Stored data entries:
____

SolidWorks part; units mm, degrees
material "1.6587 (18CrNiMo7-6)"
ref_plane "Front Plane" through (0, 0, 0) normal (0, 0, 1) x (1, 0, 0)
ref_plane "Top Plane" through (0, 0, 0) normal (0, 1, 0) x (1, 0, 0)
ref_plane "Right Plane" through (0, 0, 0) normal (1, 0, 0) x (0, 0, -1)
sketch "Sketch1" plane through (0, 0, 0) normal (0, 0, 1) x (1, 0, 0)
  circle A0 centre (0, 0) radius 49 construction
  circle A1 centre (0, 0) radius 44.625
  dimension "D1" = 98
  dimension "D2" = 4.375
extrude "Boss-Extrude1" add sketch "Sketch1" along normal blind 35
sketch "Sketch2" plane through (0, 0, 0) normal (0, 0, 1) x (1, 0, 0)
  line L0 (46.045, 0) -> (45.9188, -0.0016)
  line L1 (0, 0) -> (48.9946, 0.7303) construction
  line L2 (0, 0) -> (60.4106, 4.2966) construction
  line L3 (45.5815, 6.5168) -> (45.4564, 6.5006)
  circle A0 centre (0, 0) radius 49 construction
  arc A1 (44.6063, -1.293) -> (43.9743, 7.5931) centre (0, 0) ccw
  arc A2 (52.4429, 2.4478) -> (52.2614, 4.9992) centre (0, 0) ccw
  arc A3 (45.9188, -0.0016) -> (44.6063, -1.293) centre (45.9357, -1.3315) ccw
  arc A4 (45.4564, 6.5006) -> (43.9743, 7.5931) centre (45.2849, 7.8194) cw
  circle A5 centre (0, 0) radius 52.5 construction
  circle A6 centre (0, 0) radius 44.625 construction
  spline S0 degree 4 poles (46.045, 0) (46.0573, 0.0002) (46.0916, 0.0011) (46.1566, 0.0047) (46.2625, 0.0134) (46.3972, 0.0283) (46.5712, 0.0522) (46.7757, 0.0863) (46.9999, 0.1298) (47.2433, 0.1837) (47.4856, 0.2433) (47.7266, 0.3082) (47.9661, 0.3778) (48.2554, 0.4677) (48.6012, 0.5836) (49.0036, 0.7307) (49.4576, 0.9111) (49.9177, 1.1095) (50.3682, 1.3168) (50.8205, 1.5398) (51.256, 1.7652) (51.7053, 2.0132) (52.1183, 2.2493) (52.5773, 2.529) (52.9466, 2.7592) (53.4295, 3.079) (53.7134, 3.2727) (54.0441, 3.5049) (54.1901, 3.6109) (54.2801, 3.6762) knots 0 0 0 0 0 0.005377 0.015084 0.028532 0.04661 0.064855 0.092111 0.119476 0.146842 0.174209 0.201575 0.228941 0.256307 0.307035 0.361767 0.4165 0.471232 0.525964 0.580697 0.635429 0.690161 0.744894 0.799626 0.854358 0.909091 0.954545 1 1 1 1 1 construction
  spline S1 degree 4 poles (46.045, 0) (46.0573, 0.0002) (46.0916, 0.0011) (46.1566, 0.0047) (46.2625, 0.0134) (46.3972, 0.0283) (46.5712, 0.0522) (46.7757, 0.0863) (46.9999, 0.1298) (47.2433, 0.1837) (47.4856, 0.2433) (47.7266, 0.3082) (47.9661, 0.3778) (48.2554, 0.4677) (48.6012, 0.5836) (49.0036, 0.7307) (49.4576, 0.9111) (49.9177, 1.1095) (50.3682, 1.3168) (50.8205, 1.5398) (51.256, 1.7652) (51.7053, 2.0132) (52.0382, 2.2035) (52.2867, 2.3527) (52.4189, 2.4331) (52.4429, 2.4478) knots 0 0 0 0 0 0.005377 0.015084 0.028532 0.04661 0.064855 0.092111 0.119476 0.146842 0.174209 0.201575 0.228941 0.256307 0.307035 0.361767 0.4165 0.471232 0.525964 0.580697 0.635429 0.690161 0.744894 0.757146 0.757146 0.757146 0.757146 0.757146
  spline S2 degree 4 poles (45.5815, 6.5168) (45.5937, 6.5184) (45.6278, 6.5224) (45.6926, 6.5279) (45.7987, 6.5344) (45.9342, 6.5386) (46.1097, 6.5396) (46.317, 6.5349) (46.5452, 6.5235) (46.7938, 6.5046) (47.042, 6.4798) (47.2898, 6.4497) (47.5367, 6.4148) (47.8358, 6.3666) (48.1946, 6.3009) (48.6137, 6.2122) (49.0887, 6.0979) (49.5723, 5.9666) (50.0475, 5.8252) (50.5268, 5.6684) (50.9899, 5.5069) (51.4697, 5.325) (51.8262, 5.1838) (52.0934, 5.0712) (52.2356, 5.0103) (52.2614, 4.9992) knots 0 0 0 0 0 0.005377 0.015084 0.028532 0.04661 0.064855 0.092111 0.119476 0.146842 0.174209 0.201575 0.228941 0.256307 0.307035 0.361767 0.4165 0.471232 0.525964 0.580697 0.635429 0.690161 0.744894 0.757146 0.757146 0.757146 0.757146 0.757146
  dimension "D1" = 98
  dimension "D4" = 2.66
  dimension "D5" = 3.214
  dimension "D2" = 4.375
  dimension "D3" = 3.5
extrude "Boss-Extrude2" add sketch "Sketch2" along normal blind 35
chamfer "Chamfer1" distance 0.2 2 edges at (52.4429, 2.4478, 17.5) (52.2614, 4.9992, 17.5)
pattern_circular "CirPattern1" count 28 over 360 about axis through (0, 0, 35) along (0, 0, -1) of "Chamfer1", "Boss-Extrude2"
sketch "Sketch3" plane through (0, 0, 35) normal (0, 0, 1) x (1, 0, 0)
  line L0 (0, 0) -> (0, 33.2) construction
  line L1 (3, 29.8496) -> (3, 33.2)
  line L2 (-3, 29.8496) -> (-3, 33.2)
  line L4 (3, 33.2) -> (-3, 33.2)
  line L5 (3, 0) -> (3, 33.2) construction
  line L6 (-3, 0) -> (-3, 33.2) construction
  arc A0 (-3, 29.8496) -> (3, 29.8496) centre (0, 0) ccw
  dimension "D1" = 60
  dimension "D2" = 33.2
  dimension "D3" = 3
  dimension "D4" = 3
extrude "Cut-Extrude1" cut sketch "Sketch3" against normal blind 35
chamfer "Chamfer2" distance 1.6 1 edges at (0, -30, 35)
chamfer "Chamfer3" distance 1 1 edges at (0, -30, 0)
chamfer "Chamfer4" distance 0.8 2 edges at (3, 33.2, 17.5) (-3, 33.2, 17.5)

____

● **Assigned task**:
Which lines of the records above hold the word "radius"? Copy each one out.

● **Response to this task**:
  circle A0 centre (0, 0) radius 49 construction
  circle A1 centre (0, 0) radius 44.625
  circle A0 centre (0, 0) radius 49 construction
  circle A5 centre (0, 0) radius 52.5 construction
  circle A6 centre (0, 0) radius 44.625 construction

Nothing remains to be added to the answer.